(Work request):
Work through the entries below and report how many lines include "name". The number alone is the answer.

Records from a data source

· · · ·

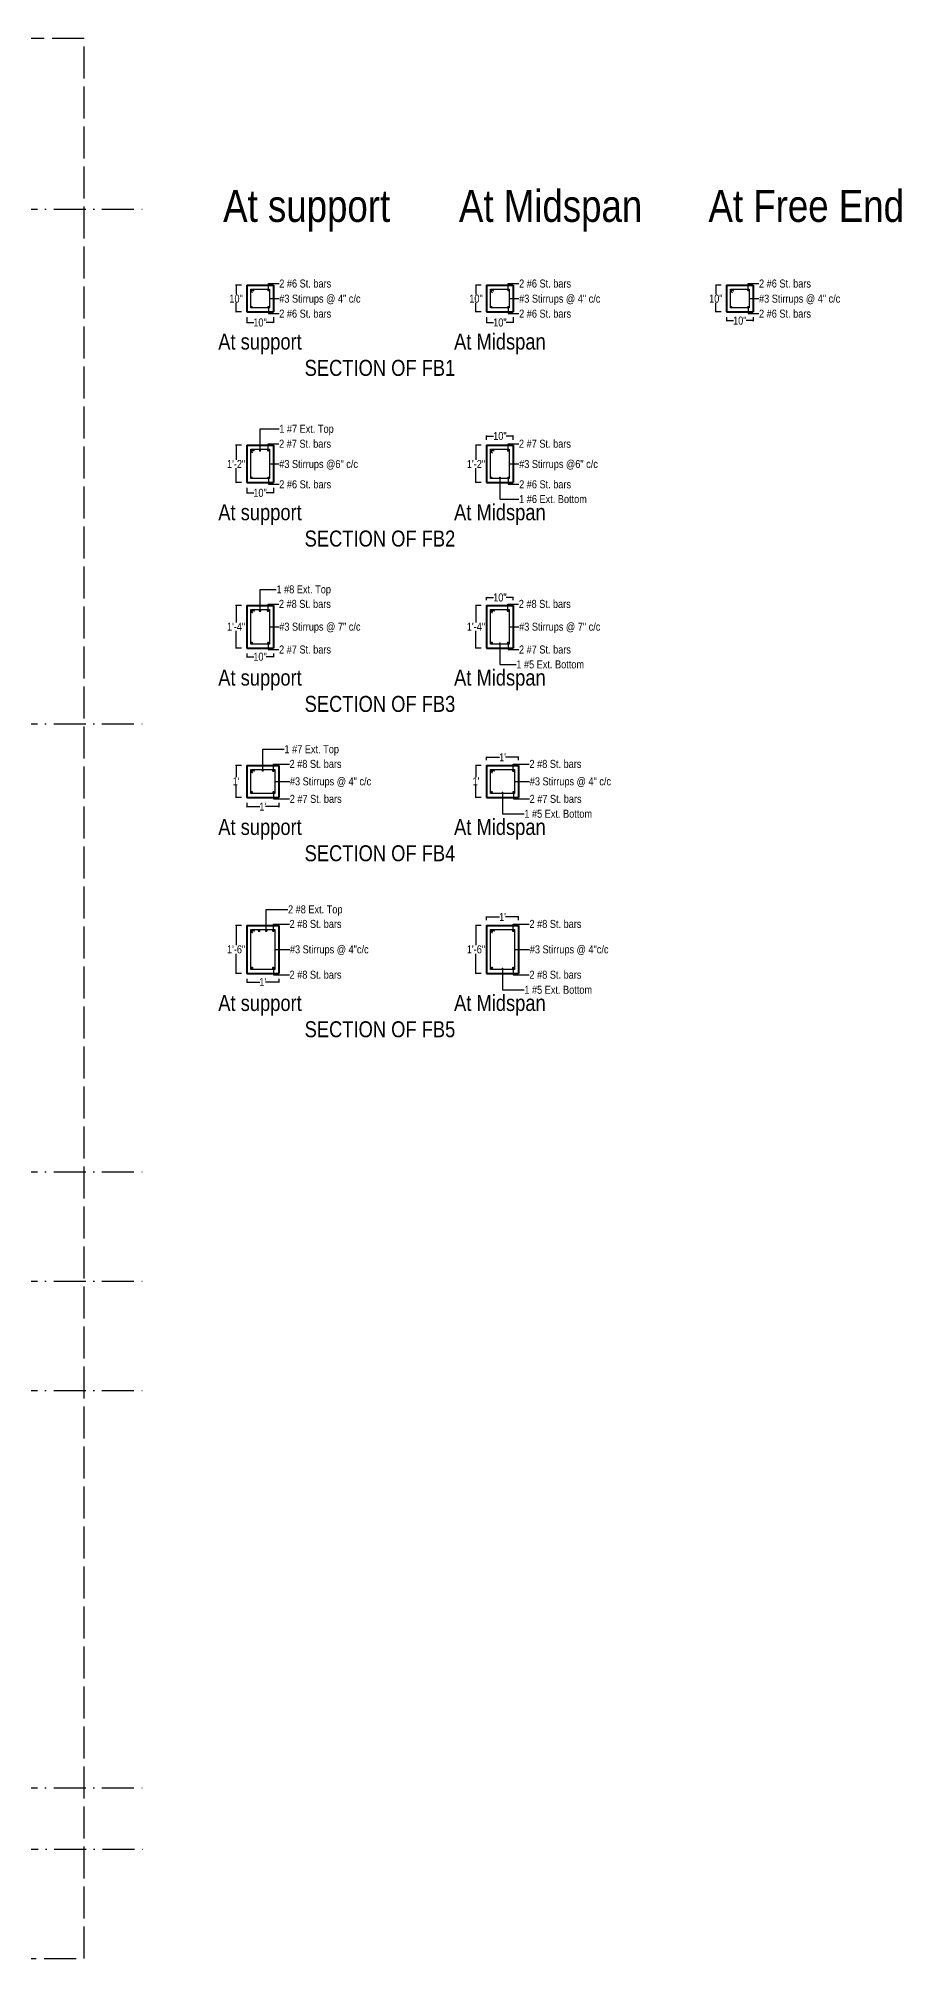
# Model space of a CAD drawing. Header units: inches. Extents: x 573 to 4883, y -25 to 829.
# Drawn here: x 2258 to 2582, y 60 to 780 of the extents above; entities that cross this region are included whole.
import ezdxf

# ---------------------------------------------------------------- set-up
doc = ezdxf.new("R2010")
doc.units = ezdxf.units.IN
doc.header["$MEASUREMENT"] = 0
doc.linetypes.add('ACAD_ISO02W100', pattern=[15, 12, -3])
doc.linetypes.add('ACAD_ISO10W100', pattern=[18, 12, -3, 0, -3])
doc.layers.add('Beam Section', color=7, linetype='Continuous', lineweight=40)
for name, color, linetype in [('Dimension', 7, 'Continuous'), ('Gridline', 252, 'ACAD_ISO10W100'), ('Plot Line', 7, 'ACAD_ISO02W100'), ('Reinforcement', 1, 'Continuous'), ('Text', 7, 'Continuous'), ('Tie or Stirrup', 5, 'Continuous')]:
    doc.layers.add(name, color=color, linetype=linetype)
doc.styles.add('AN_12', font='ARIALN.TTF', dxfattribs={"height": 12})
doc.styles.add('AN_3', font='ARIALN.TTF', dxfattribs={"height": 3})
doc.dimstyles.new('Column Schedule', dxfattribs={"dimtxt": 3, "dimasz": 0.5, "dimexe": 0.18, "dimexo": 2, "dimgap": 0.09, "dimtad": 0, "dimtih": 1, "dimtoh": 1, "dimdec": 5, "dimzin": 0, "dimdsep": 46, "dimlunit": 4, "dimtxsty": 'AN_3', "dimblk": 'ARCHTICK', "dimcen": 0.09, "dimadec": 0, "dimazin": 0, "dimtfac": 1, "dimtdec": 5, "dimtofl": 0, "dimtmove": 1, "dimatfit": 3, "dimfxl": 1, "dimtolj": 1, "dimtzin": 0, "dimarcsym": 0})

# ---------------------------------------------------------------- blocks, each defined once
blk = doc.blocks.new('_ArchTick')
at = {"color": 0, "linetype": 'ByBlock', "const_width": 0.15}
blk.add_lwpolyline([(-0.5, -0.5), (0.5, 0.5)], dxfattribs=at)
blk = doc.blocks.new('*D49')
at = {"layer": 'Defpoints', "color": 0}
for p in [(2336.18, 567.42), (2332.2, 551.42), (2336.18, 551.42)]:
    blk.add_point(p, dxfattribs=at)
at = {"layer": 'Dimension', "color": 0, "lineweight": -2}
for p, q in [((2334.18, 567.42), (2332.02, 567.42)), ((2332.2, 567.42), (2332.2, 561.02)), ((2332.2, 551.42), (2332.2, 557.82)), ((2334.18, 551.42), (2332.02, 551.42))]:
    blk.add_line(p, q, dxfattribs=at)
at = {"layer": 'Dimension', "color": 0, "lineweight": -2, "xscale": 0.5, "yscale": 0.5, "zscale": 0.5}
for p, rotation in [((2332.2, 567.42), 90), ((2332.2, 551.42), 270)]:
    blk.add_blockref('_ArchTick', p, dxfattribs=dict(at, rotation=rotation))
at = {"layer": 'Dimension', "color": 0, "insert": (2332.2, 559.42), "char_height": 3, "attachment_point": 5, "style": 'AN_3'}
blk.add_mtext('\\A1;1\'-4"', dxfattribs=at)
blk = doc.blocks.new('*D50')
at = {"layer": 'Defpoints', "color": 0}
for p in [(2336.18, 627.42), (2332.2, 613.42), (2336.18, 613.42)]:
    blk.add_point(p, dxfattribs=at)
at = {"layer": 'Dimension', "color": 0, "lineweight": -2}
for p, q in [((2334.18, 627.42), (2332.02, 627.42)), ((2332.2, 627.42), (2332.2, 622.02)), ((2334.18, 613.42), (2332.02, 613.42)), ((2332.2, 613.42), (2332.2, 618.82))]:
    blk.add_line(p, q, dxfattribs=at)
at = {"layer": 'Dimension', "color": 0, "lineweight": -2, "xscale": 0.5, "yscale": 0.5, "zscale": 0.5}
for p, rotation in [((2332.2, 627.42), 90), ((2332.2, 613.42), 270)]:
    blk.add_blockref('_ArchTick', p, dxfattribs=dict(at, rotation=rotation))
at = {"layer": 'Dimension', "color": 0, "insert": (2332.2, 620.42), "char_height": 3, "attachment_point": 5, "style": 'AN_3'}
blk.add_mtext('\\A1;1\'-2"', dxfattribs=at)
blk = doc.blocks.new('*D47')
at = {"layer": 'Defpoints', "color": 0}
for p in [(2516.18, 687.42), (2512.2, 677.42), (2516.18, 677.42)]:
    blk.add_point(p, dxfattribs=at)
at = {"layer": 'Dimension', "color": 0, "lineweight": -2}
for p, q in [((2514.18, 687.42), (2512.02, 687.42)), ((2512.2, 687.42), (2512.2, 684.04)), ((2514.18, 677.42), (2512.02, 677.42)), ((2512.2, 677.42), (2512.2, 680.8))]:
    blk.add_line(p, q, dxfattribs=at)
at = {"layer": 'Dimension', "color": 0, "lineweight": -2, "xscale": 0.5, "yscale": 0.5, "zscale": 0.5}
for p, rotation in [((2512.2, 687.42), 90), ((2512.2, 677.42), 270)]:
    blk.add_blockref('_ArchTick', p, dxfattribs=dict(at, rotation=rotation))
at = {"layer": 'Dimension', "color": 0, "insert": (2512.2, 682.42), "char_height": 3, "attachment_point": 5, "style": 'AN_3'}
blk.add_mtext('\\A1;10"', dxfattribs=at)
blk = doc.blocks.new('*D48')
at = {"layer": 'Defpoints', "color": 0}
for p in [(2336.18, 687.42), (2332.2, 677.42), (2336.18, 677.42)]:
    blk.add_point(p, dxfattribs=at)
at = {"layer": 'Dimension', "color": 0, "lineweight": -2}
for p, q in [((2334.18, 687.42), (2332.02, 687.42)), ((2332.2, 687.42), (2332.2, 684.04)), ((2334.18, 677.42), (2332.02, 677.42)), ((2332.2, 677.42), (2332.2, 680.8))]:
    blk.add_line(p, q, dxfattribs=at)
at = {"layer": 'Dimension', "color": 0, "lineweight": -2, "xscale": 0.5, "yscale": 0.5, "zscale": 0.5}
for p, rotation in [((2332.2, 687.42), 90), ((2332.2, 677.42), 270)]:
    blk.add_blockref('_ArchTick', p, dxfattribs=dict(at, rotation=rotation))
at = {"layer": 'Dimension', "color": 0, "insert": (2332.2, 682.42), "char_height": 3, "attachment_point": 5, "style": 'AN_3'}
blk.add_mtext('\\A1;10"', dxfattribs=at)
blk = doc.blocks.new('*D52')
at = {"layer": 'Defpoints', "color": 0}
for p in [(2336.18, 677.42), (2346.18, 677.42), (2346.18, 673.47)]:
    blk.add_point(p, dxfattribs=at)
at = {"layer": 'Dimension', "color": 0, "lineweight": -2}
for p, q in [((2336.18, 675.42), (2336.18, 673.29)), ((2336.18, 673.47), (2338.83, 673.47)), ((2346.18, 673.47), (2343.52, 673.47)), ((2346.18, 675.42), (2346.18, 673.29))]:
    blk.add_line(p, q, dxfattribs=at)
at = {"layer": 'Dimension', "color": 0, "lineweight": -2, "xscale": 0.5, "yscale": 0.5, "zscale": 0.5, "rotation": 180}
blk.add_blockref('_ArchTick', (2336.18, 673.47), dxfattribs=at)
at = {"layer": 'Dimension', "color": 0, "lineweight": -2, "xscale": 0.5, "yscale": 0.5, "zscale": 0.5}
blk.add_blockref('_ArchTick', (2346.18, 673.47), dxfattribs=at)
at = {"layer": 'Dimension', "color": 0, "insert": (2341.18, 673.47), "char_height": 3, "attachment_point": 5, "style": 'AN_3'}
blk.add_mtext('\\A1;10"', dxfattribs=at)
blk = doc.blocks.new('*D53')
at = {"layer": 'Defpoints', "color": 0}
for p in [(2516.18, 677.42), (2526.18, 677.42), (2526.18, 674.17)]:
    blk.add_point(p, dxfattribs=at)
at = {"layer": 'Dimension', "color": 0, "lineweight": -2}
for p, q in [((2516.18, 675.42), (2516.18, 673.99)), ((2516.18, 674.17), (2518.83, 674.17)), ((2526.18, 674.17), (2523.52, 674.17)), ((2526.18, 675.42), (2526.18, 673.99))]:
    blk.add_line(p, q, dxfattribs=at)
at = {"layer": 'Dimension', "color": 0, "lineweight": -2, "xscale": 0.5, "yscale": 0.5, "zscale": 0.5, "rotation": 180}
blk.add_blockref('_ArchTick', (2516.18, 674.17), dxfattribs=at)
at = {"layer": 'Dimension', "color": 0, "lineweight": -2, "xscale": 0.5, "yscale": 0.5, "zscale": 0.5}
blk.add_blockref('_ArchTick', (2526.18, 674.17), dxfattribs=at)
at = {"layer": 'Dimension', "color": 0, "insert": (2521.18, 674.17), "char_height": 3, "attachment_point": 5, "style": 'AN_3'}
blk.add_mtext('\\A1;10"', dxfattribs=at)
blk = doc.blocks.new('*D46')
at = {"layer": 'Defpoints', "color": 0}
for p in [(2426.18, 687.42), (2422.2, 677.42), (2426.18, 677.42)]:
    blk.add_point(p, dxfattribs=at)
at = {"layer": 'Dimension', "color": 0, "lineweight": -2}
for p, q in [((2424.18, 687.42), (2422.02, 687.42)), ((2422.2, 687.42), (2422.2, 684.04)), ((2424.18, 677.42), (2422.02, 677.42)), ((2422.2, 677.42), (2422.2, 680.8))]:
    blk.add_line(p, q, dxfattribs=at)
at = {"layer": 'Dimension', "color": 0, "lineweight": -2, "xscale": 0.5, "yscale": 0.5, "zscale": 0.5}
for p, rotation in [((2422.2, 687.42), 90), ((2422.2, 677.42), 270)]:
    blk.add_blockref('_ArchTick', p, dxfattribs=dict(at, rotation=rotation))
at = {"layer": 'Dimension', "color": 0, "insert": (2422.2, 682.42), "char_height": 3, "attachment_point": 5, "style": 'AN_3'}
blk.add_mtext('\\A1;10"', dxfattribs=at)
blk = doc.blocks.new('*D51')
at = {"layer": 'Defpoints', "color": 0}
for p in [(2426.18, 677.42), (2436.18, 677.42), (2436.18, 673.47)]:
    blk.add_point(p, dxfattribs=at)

· · · ·

(Task solution):
2